All of lore.kernel.org
 help / color / mirror / Atom feed
From: Philippe Gerum <rpm@xenomai.org>
To: Jan Kiszka <jan.kiszka@domain.hid>
Cc: xenomai-core <xenomai@xenomai.org>
Subject: [Xenomai-core] Re: XENO_OPT_DEBUG impact
Date: Mon, 20 Nov 2006 14:22:57 +0100	[thread overview]
Message-ID: <1164028977.5006.92.camel@domain.hid> (raw)

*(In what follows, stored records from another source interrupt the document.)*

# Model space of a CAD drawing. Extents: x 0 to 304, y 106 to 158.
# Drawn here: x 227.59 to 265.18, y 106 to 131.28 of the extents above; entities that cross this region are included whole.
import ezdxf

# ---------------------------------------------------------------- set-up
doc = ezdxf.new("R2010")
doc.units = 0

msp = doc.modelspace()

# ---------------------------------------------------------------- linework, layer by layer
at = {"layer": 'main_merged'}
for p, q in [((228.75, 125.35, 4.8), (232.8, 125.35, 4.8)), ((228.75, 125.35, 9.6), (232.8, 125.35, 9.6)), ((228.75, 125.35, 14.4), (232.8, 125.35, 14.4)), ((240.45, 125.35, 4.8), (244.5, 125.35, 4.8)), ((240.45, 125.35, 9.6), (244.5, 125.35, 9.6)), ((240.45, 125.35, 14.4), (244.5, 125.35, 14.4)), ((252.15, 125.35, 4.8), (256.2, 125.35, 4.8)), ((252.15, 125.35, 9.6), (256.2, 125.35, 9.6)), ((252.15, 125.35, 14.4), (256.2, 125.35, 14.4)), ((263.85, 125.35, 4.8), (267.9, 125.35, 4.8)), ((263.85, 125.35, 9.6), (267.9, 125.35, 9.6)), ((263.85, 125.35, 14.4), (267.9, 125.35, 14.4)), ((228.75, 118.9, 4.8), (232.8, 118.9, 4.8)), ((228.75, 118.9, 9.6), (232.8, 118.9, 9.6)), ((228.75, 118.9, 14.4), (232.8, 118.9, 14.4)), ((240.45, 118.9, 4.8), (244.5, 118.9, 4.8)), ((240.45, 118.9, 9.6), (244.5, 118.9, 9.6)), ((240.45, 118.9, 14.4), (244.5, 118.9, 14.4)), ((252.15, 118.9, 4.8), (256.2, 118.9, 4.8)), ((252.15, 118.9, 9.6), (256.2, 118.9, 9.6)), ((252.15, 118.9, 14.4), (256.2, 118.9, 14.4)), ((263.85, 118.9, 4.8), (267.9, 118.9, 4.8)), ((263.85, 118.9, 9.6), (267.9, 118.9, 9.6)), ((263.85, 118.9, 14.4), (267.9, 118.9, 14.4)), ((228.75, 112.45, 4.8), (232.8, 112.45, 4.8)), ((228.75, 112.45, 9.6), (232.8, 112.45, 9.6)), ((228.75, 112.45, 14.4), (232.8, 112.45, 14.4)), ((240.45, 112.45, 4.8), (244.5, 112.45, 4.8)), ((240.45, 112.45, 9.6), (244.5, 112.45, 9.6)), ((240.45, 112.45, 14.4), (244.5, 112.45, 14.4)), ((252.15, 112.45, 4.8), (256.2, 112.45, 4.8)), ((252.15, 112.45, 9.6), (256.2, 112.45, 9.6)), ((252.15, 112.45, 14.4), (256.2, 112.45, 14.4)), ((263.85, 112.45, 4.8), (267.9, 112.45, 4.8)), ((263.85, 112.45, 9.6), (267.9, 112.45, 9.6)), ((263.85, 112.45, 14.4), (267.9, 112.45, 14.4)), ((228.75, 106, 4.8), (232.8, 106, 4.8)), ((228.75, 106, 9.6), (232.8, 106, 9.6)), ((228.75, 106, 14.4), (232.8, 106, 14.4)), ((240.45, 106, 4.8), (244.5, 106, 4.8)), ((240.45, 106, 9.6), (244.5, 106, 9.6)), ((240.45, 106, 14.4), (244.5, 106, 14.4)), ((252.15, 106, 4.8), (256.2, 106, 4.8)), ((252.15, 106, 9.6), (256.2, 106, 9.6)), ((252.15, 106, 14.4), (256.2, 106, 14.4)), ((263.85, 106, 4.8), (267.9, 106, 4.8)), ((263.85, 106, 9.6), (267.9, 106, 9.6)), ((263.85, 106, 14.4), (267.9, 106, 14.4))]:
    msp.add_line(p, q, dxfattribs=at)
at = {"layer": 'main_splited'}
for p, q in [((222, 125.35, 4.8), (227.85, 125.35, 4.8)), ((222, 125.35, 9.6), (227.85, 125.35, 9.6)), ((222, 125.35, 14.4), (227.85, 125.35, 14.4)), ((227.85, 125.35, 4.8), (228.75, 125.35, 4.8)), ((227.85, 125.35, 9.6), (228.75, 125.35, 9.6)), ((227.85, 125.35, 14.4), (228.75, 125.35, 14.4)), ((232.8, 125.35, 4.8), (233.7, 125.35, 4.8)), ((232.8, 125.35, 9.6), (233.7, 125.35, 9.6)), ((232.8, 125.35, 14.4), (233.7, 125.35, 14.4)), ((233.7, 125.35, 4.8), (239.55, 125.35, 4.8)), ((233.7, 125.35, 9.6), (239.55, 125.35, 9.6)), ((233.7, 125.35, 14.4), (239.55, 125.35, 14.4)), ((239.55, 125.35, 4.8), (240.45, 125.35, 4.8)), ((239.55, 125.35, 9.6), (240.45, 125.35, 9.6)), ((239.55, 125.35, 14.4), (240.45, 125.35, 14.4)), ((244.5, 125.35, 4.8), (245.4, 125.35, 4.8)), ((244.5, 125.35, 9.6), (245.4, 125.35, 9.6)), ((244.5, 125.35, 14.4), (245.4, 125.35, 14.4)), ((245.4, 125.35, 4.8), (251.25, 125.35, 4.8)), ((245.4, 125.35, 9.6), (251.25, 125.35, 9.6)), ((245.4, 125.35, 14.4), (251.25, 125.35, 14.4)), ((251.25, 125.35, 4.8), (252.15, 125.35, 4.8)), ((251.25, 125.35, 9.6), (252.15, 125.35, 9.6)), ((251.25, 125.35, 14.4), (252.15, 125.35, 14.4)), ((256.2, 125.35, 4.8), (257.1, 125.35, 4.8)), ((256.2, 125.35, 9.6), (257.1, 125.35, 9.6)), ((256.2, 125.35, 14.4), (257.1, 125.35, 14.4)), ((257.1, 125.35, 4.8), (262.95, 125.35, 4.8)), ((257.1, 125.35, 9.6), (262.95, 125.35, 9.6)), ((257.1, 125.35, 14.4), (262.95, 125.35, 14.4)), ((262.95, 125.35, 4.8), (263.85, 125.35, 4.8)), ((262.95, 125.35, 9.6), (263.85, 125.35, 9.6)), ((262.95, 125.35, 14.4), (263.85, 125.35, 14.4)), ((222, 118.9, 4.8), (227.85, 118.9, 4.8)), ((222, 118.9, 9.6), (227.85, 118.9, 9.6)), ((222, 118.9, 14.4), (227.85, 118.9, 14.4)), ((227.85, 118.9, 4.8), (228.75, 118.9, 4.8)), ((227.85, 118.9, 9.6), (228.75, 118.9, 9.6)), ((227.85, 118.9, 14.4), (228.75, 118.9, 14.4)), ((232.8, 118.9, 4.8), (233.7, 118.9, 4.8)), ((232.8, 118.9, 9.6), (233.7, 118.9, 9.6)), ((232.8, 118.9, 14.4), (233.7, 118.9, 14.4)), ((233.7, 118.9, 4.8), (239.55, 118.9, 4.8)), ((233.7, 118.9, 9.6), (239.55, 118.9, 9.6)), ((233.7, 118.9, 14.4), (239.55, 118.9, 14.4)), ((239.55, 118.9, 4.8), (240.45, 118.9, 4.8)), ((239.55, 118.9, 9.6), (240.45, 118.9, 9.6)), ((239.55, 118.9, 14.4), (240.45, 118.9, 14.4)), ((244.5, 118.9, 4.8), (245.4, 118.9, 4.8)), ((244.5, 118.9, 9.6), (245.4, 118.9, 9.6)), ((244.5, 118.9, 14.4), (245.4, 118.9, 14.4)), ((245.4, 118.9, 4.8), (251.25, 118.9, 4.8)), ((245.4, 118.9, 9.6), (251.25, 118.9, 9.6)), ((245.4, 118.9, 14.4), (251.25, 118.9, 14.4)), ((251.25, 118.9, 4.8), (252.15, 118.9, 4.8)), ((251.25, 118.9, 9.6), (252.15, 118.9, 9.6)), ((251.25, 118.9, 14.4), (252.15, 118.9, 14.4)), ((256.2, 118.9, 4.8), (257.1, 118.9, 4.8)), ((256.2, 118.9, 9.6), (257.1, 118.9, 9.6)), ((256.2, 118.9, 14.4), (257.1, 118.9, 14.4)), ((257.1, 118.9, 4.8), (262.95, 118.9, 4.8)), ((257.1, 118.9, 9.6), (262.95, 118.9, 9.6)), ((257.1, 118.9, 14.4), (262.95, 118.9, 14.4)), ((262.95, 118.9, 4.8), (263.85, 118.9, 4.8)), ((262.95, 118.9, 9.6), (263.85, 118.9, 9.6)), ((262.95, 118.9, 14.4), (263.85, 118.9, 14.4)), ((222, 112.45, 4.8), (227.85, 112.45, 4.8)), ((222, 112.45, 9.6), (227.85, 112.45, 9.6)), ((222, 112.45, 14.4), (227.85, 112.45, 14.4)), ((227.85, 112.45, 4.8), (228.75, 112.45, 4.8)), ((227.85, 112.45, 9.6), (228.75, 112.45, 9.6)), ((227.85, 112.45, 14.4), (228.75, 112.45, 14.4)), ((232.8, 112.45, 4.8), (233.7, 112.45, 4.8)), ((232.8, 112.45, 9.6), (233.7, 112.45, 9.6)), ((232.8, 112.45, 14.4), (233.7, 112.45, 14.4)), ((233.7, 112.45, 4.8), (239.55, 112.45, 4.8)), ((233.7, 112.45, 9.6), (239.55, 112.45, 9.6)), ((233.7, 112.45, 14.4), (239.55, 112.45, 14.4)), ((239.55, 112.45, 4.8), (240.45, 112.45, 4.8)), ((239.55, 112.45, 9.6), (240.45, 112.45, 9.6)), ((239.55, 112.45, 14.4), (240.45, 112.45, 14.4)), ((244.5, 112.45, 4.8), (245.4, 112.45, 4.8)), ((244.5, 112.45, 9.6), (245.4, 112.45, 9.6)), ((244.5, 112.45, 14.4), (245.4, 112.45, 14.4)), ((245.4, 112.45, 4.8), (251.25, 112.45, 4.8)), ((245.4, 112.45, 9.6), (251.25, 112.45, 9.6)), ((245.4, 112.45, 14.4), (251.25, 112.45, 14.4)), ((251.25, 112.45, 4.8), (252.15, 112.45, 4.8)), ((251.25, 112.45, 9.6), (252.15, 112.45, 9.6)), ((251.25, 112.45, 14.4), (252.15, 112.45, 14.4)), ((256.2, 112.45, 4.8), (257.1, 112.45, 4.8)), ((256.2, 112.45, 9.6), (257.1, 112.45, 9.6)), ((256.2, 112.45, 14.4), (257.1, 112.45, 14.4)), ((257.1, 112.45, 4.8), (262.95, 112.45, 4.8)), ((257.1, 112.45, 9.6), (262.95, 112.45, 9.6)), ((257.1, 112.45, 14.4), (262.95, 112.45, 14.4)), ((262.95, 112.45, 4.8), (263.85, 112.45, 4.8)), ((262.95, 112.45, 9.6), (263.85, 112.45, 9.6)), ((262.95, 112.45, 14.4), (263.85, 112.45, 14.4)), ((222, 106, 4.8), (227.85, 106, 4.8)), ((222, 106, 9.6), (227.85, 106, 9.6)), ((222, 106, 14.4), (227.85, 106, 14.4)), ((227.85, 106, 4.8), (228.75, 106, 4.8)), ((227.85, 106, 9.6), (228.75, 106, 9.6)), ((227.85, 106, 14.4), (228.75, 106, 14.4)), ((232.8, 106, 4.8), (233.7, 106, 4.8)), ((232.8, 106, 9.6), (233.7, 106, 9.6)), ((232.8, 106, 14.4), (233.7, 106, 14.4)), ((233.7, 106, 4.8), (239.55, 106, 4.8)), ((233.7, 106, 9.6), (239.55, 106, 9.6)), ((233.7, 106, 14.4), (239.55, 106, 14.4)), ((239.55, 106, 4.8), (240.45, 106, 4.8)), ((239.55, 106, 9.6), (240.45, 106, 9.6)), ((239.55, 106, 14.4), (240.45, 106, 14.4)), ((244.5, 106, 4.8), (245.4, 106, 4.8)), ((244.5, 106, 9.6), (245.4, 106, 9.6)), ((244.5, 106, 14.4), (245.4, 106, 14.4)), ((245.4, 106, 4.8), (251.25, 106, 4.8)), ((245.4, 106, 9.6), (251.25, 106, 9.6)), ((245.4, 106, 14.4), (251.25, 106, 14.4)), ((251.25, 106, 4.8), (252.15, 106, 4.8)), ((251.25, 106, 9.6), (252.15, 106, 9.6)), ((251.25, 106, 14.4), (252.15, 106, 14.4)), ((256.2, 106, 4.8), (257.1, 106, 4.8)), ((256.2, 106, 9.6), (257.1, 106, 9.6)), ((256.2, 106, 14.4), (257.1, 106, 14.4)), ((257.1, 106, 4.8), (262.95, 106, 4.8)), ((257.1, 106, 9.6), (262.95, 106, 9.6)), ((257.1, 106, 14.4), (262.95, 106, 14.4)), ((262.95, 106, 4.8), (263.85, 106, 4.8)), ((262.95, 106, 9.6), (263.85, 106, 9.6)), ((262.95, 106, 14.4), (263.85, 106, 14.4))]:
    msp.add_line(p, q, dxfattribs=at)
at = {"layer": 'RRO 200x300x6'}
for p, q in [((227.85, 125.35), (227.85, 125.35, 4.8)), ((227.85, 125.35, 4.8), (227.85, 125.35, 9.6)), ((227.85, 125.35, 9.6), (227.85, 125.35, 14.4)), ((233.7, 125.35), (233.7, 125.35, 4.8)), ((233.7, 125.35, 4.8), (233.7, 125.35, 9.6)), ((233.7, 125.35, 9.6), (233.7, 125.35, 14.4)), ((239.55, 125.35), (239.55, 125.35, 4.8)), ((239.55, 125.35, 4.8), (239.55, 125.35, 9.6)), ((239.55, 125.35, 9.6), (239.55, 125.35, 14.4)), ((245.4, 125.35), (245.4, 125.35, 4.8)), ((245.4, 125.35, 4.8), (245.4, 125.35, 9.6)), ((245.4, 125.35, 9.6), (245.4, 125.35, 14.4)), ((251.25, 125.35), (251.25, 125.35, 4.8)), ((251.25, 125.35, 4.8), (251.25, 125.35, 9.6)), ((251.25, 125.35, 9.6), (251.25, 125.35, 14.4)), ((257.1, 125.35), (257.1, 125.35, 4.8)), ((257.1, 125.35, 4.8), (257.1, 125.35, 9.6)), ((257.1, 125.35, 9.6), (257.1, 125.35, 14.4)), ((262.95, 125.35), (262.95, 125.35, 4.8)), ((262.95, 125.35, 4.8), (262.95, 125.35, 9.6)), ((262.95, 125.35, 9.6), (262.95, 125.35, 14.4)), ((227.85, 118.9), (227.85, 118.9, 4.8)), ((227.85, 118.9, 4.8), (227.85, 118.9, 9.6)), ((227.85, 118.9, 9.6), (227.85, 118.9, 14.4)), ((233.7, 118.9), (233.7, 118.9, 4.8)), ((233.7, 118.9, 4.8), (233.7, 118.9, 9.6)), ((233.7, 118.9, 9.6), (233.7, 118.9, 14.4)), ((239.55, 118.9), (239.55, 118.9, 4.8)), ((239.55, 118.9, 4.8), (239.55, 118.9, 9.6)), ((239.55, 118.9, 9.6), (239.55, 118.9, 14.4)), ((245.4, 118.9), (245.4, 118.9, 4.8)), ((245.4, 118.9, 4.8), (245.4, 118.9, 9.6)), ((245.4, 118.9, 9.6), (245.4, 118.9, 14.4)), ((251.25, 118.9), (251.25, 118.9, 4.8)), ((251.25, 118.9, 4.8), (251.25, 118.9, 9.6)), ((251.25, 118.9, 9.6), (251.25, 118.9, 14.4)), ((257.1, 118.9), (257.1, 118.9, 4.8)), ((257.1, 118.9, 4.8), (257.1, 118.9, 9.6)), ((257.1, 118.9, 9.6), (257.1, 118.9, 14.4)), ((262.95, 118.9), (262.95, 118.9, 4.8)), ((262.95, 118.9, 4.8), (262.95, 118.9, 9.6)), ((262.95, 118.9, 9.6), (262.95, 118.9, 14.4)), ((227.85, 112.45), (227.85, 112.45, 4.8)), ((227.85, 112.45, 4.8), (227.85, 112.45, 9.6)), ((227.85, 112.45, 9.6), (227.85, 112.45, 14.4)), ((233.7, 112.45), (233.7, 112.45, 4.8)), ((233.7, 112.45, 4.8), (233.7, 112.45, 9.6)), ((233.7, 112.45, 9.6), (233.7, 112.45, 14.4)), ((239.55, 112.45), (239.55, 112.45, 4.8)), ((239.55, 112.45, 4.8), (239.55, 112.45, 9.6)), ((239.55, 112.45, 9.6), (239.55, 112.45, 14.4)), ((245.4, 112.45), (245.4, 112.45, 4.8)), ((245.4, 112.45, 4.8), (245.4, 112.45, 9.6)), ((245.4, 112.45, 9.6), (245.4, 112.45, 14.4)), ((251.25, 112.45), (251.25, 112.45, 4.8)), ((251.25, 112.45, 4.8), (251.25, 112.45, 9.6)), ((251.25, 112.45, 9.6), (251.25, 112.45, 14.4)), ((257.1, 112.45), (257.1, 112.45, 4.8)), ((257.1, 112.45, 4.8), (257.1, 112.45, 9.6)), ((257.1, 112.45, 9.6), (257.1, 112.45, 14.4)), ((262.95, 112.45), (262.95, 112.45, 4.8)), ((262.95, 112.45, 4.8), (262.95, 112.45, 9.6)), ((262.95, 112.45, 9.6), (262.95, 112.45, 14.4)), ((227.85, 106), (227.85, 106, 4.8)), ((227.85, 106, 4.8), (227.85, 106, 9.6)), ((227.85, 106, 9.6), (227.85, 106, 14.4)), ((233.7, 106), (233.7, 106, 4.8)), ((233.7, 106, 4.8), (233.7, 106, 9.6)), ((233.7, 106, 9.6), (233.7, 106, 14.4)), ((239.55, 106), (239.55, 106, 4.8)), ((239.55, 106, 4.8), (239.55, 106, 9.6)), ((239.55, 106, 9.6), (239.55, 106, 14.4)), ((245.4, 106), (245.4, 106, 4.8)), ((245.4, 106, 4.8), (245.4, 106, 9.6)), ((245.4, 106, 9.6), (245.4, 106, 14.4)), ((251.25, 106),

In-Reply-To: <456193E2.8030605@domain.hid>

On Mon, 2006-11-20 at 12:39 +0100, Jan Kiszka wrote:
> Philippe Gerum wrote:
> > On Mon, 2006-11-20 at 11:01 +0100, Jan Kiszka wrote:
> >> Philippe Gerum wrote:
> >>> On Mon, 2006-11-20 at 10:20 +0100, Jan Kiszka wrote:
> >>>> Philippe Gerum wrote:
> >>>>> On Fri, 2006-11-17 at 20:10 +0100, Jan Kiszka wrote:
> >>>>>> Philippe Gerum wrote:
> >>>>>>> On Fri, 2006-11-17 at 19:41 +0100, Jan Kiszka wrote:
> >>>>>>>> I'm currently seeing two potential "misuses" of the common switch:
> >>>>>>>>
> >>>>>>>>  - the posix skin (Gilles, how heavy-weighted are those checks?)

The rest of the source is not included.